**ACTIVITY**
Read the listing below and copy out every line that holds "name".
═══
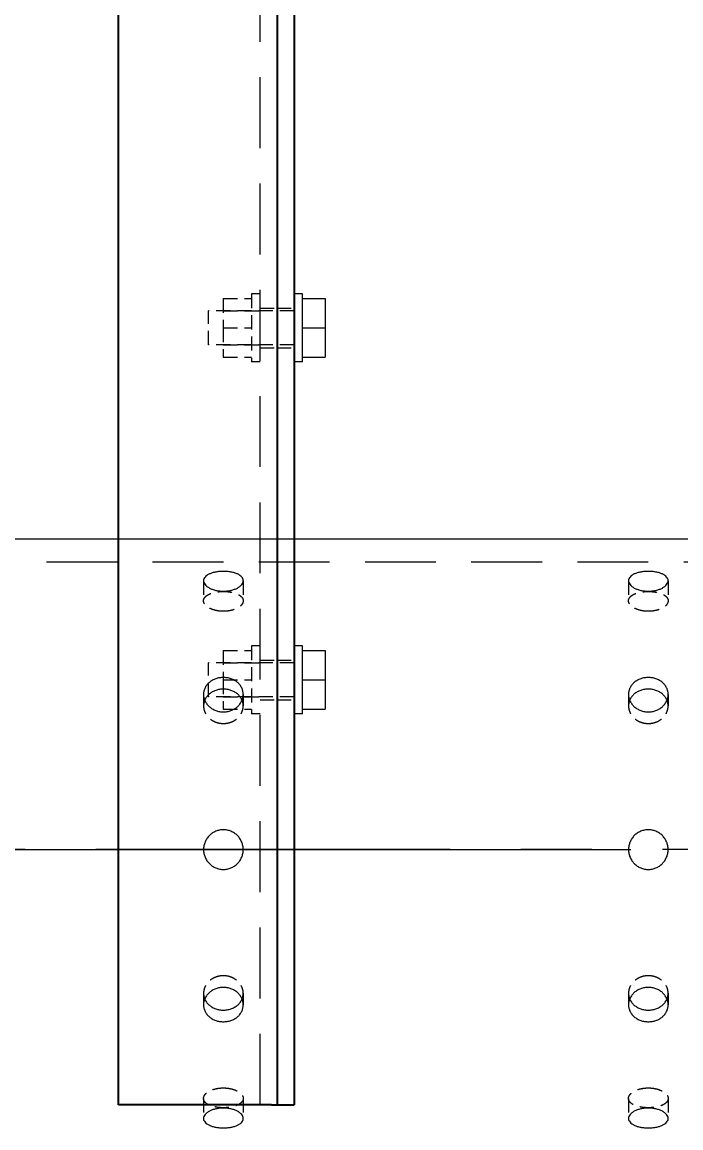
# Model space of a CAD drawing. Header units: millimetres. Extents: x -46397 to 283259, y -8690 to 23983.
# Drawn here: x 121170.6 to 121403.1, y 201.5 to 591.6 of the extents above; entities that cross this region are included whole.
import ezdxf

# ---------------------------------------------------------------- set-up
doc = ezdxf.new("R2010")
doc.units = ezdxf.units.MM
doc.linetypes.add('CENTER', pattern=[2, 1.25, -0.25, 0.25, -0.25])
doc.linetypes.add('HIDDENX2', pattern=[0.75, 0.5, -0.25])
doc.layers.get('Defpoints').update_dxf_attribs({"lineweight": 0})
for name, color, linetype, lineweight in [('DUONGCHINH', 7, 'Continuous', 25), ('DUONGTAM', 1, 'CENTER', 0), ('PHANTOM 2', 8, 'Continuous', 0)]:
    doc.layers.add(name, color=color, linetype=linetype, lineweight=lineweight)
doc.layers.add('flashshoot', color=7, linetype='Continuous')
doc.styles.add('GHI CHÚ 1', font='isocp_IV25.ttf', dxfattribs={"width": 0.8})
doc.dimstyles.new('1-30SCALE', dxfattribs={"dimtxt": 75, "dimasz": 75, "dimexe": 37.5, "dimexo": 30, "dimgap": 30, "dimtad": 1, "dimtoh": 1, "dimdec": 0, "dimdsep": 46, "dimtxsty": 'GHI CHÚ 1', "dimcen": 0.09, "dimclrd": 256, "dimclre": 256, "dimclrt": 2, "dimadec": 0, "dimazin": 0, "dimtfac": 1, "dimtdec": 0, "dimtofl": 0, "dimtmove": 0, "dimatfit": 3, "dimfxl": 1, "dimlwd": 0, "dimlwe": 0, "dimarcsym": 0})

# ---------------------------------------------------------------- blocks, each defined once
blk = doc.blocks.new('A$C90275d84')
at = {"color": 2, "linetype": 'Continuous', "lineweight": 0, "ltscale": 10}
blk.add_line((-109.55, 1960), (-109.55, -3000), dxfattribs=at)
at = {"color": 1, "linetype": 'HIDDENX2', "lineweight": 0, "ltscale": 50}
blk.add_line((-101.37, 1960), (-101.37, -3000), dxfattribs=at)
at = {"color": 1, "linetype": 'HIDDENX2', "lineweight": 0, "ltscale": 10}
for p, q in [((-94.87, -883), (-87.79, -883)), ((-54.77, -883), (-50.68, -883)), ((50.68, -883), (54.77, -883)), ((87.79, -883), (94.87, -883)), ((-94.87, -897), (-87.79, -897)), ((-54.77, -897), (-50.68, -897)), ((50.68, -897), (54.77, -897)), ((87.79, -897), (94.87, -897)), ((-94.87, -1033), (-87.79, -1033)), ((-54.77, -1033), (-50.68, -1033)), ((50.68, -1033), (54.77, -1033)), ((87.79, -1033), (94.87, -1033)), ((-94.87, -1047), (-87.79, -1047)), ((-54.77, -1047), (-50.68, -1047)), ((50.68, -1047), (54.77, -1047)), ((87.79, -1047), (94.87, -1047))]:
    blk.add_line(p, q, dxfattribs=at)
at = {"color": 2, "linetype": 'Continuous', "lineweight": 0, "ltscale": 10}
for points, knots in [([(-91.18, -890), (-91.18, -890.44), (-91.2, -890.89), (-91.3, -891.8), (-91.38, -892.25), (-91.57, -893.11), (-91.69, -893.52), (-91.98, -894.29), (-92.13, -894.64), (-92.47, -895.26), (-92.66, -895.55), (-93.06, -896.07), (-93.28, -896.29), (-93.73, -896.65), (-93.96, -896.78), (-94.42, -896.96), (-94.65, -897), (-95.09, -897), (-95.32, -896.96), (-95.76, -896.78), (-95.98, -896.65), (-96.39, -896.29), (-96.59, -896.07), (-96.94, -895.55), (-97.11, -895.26), (-97.39, -894.64), (-97.53, -894.29), (-97.76, -893.52), (-97.86, -893.11), (-98.02, -892.25), (-98.08, -891.8), (-98.16, -890.89), (-98.18, -890.44), (-98.18, -889.56), (-98.16, -889.11), (-98.08, -888.2), (-98.02, -887.75), (-97.86, -886.89), (-97.76, -886.48), (-97.53, -885.71), (-97.39, -885.36), (-97.11, -884.74), (-96.94, -884.45), (-96.59, -883.93), (-96.39, -883.71), (-95.98, -883.35), (-95.76, -883.22), (-95.32, -883.04), (-95.09, -883), (-94.65, -883), (-94.42, -883.04), (-93.96, -883.22), (-93.73, -883.35), (-93.28, -883.71), (-93.06, -883.93), (-92.66, -884.45), (-92.47, -884.74), (-92.13, -885.36), (-91.98, -885.71), (-91.69, -886.48), (-91.57, -886.89), (-91.38, -887.75), (-91.3, -888.2), (-91.2, -889.11), (-91.18, -889.56), (-91.18, -890)], [0, 0, 0, 0, 1.318789, 1.318789, 2.637578, 2.637578, 3.956368, 3.956368, 5.275157, 5.275157, 6.593945, 6.593945, 7.912734, 7.912734, 9.231522, 9.231522, 10.550311, 10.550311, 11.869099, 11.869099, 13.187888, 13.187888, 14.506676, 14.506676, 15.825465, 15.825465, 17.144254, 17.144254, 18.463043, 18.463043, 19.781833, 19.781833, 21.100622, 21.100622, 22.419411, 22.419411, 23.7382, 23.7382, 25.05699, 25.05699, 26.375779, 26.375779, 27.694567, 27.694567, 29.013356, 29.013356, 30.332144, 30.332144, 31.650933, 31.650933, 32.969721, 32.969721, 34.28851, 34.28851, 35.607298, 35.607298, 36.926087, 36.926087, 38.244876, 38.244876, 39.563665, 39.563665, 40.882454, 40.882454, 42.201244, 42.201244, 42.201244, 42.201244]), ([(-48.6, -890), (-48.6, -890.44), (-48.64, -890.89), (-48.8, -891.8), (-48.92, -892.25), (-49.24, -893.11), (-49.44, -893.52), (-49.9, -894.29), (-50.16, -894.64), (-50.71, -895.26), (-51.02, -895.55), (-51.7, -896.07), (-52.06, -896.29), (-52.82, -896.65), (-53.21, -896.78), (-54, -896.96), (-54.39, -897), (-55.16, -897), (-55.55, -896.96), (-56.33, -896.78), (-56.71, -896.65), (-57.45, -896.29), (-57.8, -896.07), (-58.45, -895.55), (-58.74, -895.26), (-59.27, -894.64), (-59.51, -894.29), (-59.94, -893.52), (-60.13, -893.11), (-60.43, -892.25), (-60.54, -891.8), (-60.69, -890.89), (-60.73, -890.44), (-60.73, -889.56), (-60.69, -889.11), (-60.54, -888.2), (-60.43, -887.75), (-60.13, -886.89), (-59.94, -886.48), (-59.51, -885.71), (-59.27, -885.36), (-58.74, -884.74), (-58.45, -884.45), (-57.8, -883.93), (-57.45, -883.71), (-56.71, -883.35), (-56.33, -883.22), (-55.55, -883.04), (-55.16, -883), (-54.39, -883), (-54, -883.04), (-53.21, -883.22), (-52.82, -883.35), (-52.06, -883.71), (-51.7, -883.93), (-51.02, -884.45), (-50.71, -884.74), (-50.16, -885.36), (-49.9, -885.71), (-49.44, -886.48), (-49.24, -886.89), (-48.92, -887.75), (-48.8, -888.2), (-48.64, -889.11), (-48.6, -889.56), (-48.6, -890)], [0, 0, 0, 0, 1.318789, 1.318789, 2.637578, 2.637578, 3.956368, 3.956368, 5.275157, 5.275157, 6.593945, 6.593945, 7.912734, 7.912734, 9.231522, 9.231522, 10.550311, 10.550311, 11.869099, 11.869099, 13.187888, 13.187888, 14.506676, 14.506676, 15.825465, 15.825465, 17.144254, 17.144254, 18.463043, 18.463043, 19.781833, 19.781833, 21.100622, 21.100622, 22.419411, 22.419411, 23.7382, 23.7382, 25.05699, 25.05699, 26.375779, 26.375779, 27.694567, 27.694567, 29.013356, 29.013356, 30.332144, 30.332144, 31.650933, 31.650933, 32.969721, 32.969721, 34.28851, 34.28851, 35.607298, 35.607298, 36.926087, 36.926087, 38.244876, 38.244876, 39.563665, 39.563665, 40.882454, 40.882454, 42.201244, 42.201244, 42.201244, 42.201244]), ([(-52.72, -883.41), (-52.81, -883.45), (-52.9, -883.49), (-53.36, -883.71), (-53.71, -883.93), (-54.35, -884.45), (-54.65, -884.74), (-55.17, -885.36), (-55.42, -885.71), (-55.85, -886.48), (-56.03, -886.89), (-56.33, -887.75), (-56.44, -888.2), (-56.59, -889.11), (-56.63, -889.56), (-56.63, -890.44), (-56.59, -890.89), (-56.44, -891.8), (-56.33, -892.25), (-56.03, -893.11), (-55.85, -893.52), (-55.42, -894.29), (-55.17, -894.64), (-54.65, -895.26), (-54.35, -895.55), (-53.71, -896.07), (-53.36, -896.29), (-52.9, -896.51), (-52.81, -896.55), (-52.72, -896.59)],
═══
**ANSWER TO THIS PROBLEM**
for name, color, linetype, lineweight in [('DUONGCHINH', 7, 'Continuous', 25), ('DUONGTAM', 1, 'CENTER', 0), ('PHANTOM 2', 8, 'Continuous', 0)]:
    doc.layers.add(name, color=color, linetype=linetype, lineweight=lineweight)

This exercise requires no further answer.